Ok thanks.I appreciate all the effort but just a observation/suggestion. Just left this on another thread but this seems like the more appropriate one. Anyway, I notice that the tab/ buttons to select the particular page in a thread are no longer. Only the next and previous buttons remain. Not an issue if a thread has say 6 or 7 pages but if it has say 637 it could be a bit labor intensive to get to the page you want. Perhaps they are in a new place and I'm just not seeing them but seems like thats a really critical feature to have.


----------



## horseUSA (Oct 14, 2018)

M
 michael rauls
I replied "GO TO FIRST UNREAD POST" BUTTON MISSING


----------



## michael rauls (Oct 14, 2018)

horseUSA said:


> M
> michael rauls
> I replied "GO TO FIRST UNREAD POST" BUTTON MISSING


Ok, I've got it. On threads where there are more than one page you just tap the box where it says "2 of 2" ,"3 of5", etc and the box to select the page you want pops up. Thanks.

Reactions: Like Like:
1 | Like List reactions


----------



## horseUSA (Oct 14, 2018)

Correct on mobile devices it changes from the "..." to "# of #total". If you touch "# of #total" you should get option to change pages


----------



## T Bolt (Oct 24, 2018)

I'm having a similar problem. On my iPhone there is no indication of page number of the thread or how to navigate to even the next page so I'm always either stuck on the first page of the thread or the last page that a post was made on thread that I had looked at previously.


----------



## horseUSA (Oct 24, 2018)

T Bolt said:


> I'm having a similar problem. On my iPhone there is no indication of page number of the thread or how to navigate to even the next page so I'm always either stuck on the first page of the thread or the last page that a post was made on thread that I had looked at previously.

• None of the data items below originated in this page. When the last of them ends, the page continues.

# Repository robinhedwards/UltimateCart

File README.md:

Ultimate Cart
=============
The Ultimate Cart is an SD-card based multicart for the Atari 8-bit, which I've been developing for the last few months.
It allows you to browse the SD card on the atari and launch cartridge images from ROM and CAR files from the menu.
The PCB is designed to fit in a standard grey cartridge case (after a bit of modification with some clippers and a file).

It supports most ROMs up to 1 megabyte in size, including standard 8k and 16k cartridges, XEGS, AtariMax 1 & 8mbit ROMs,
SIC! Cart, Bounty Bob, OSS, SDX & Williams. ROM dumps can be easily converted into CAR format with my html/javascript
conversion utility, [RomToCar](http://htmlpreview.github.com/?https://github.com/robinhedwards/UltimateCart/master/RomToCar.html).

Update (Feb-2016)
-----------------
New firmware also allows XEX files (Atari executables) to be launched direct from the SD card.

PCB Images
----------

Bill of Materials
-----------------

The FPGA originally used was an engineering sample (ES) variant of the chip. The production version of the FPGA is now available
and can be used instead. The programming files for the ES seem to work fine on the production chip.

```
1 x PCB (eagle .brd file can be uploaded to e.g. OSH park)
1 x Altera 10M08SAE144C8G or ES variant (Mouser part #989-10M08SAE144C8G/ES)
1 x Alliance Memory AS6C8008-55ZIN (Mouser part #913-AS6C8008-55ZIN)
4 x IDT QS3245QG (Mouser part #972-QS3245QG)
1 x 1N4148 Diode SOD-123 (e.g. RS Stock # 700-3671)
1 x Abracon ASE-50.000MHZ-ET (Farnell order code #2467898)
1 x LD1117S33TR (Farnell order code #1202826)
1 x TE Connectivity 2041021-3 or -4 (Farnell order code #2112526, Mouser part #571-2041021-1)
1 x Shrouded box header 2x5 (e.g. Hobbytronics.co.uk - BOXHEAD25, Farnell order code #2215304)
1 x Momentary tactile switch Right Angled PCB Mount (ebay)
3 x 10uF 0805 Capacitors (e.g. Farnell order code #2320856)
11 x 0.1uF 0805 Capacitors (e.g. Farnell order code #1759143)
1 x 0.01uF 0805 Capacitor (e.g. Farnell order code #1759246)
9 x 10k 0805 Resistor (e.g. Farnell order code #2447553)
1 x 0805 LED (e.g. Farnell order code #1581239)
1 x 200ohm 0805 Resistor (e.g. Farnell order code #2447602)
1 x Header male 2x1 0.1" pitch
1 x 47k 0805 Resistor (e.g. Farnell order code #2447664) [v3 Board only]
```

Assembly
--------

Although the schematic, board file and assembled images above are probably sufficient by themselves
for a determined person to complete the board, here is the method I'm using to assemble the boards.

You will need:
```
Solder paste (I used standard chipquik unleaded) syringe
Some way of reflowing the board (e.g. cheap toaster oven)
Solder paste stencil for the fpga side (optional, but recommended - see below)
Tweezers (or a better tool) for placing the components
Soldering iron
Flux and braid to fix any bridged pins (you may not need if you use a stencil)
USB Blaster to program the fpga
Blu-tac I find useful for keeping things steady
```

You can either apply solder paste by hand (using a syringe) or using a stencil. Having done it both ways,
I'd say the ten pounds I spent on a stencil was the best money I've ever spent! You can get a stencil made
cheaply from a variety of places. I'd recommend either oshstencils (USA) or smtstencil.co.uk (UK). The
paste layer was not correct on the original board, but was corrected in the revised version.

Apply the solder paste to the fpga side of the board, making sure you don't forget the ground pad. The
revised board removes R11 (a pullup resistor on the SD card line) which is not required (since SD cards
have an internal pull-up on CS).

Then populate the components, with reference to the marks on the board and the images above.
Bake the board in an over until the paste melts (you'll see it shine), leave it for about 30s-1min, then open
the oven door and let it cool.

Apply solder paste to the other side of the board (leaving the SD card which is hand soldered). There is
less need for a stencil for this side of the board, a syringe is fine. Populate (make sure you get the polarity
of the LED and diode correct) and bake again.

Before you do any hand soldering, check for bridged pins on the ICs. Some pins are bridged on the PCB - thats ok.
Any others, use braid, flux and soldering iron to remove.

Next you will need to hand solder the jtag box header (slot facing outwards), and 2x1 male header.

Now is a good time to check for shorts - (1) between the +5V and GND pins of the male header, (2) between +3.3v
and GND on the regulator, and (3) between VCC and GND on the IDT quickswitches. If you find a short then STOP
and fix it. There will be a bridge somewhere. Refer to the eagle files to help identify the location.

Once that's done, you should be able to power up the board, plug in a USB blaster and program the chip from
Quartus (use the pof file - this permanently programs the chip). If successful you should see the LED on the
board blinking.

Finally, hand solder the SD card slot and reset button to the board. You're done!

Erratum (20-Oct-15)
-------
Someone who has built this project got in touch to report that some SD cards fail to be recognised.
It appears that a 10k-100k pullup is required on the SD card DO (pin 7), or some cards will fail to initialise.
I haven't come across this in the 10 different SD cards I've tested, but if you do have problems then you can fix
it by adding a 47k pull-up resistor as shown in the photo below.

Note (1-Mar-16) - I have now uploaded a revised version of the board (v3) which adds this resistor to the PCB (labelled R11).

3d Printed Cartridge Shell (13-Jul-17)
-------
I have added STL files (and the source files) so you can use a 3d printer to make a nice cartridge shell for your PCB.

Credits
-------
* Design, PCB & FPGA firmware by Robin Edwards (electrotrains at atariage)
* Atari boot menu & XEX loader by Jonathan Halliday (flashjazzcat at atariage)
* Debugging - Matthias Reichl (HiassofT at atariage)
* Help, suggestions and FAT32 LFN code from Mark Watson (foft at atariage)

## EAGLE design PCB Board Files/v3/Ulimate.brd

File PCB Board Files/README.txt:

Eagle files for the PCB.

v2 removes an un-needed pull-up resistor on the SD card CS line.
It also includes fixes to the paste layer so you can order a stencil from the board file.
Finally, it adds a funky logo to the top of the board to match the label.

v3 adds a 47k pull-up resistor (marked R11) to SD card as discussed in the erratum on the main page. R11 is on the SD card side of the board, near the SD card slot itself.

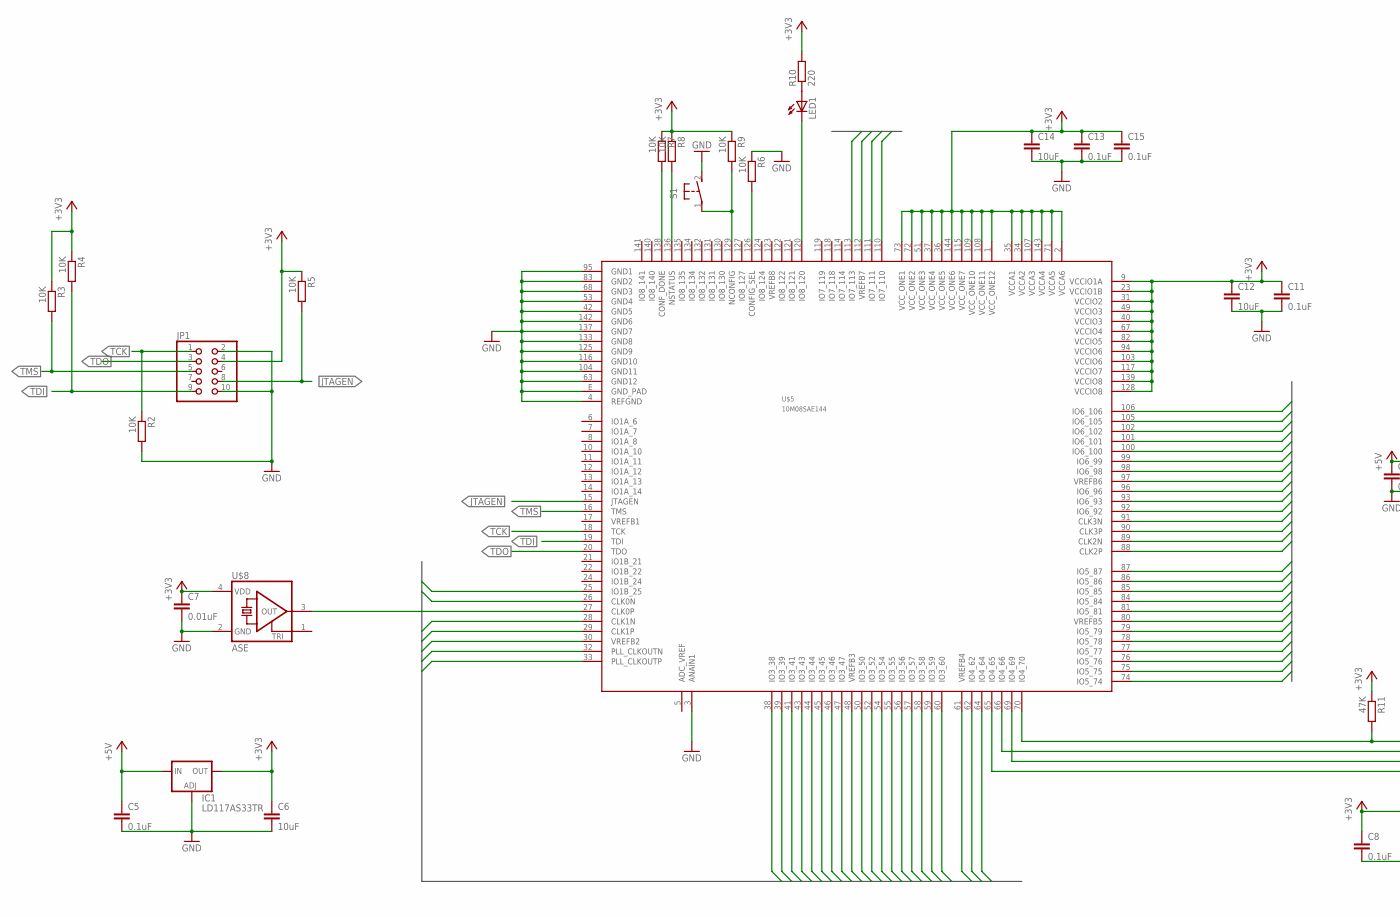
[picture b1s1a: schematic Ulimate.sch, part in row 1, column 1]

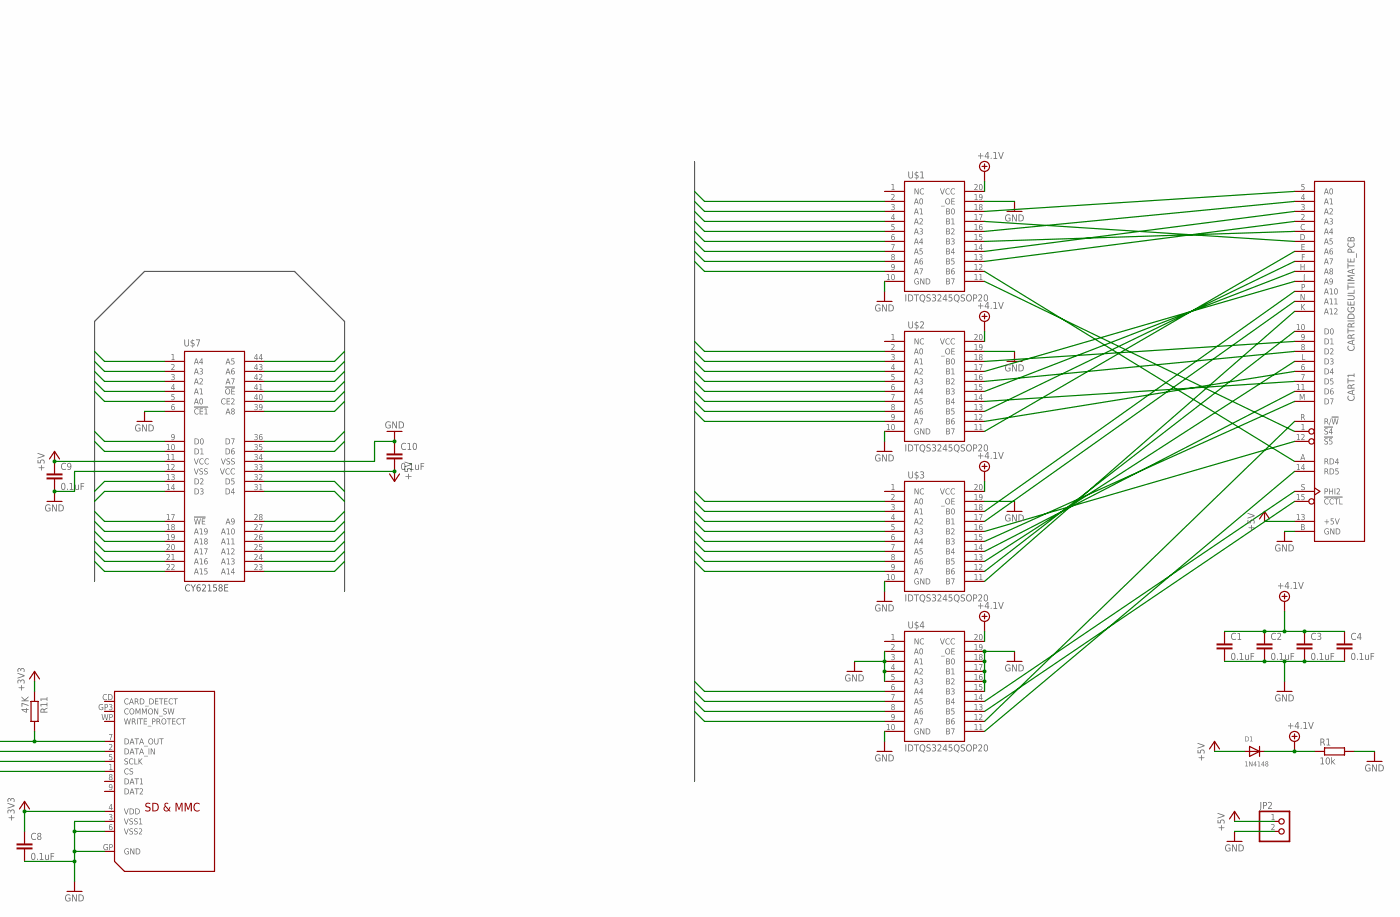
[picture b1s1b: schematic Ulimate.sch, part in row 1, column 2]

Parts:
C1, C2, C3, C4, C5, C8, C9, C10, C11, C13, C15: 0.1uF; C0805K
C6, C12, C14: 10uF; C0805K
C7: 0.01uF; C0805K
CART1: CARTRIDGEULTIMATE_PCB; CART_ULTIMATE
D1: 1N4148; SOD-123FL
IC1: LD117AS33TR; SOT223
JP1: PINHD-2X5; 2X05
JP2: PINHD-1X2; 1X02
LED1: LEDSML0805; SML0805
R1: 10k; R0805
R2, R3, R4, R5, R6, R7, R8, R9: 10K; R0805
R10: 220; R0805
R11: 47K; R0805
S1: 31-XXSKINNY; B3F-31XX-SKINNIER
U$1, U$2, U$3, U$4: IDTQS3245QSOP20; QSOP20
U$5: 10M08SAE144; EQFP144
U$6: SDMMC06132; 06132
U$7: CY62158E; TSOP44-II
U$8: ASE

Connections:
!OE: U$5.106 (IO6_106), U$7.41 (!OE)
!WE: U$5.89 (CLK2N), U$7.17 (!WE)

Do you not see the circled page navigation above and below messages?

Reactions: Like Like:
1 | Like List reactions


----------



## Wurger (Oct 24, 2018)

I can see that on my mobile..


----------



## Gnomey (Oct 24, 2018)

Me too...


----------



## GrauGeist (Oct 24, 2018)

No problem on this end.

The page selection buttons are there on the posts in the menu.





And the page selection buttons in the thread are there as well.


----------



## T Bolt (Oct 25, 2018)

I'm not seeing that. Maybe it's my phone, it's an iPhone 5C. 
This is what I see, First picture is the top of a thread page and the second is the bottom.


----------



## GrauGeist (Oct 25, 2018)

I don't think it's your phone, I noticed you're using the blue style (FA Main Blue/Gray) so I switched styles and did notice the page select option is missing.


----------



## T Bolt (Oct 25, 2018)

That's strange, I thought that only changed the colors. I'll switch to the default and see what happens


----------



## T Bolt (Oct 25, 2018)

Nope that didn't fix it. I still don't have the page selection buttons


----------



## GrauGeist (Oct 25, 2018)

That's really odd!

I like the vintage Artakus look, so I never tried the Blue (until this morning). It is odd that the Blue lacks the page selection while the Artakus does (on my ipad).

Looks like David has a challenge ahead!


----------



## fubar57 (Oct 25, 2018)

My phone is fine as well though I never log onto the site with it. I get just the individual page number as David posted in #8 when the phone is held vertical...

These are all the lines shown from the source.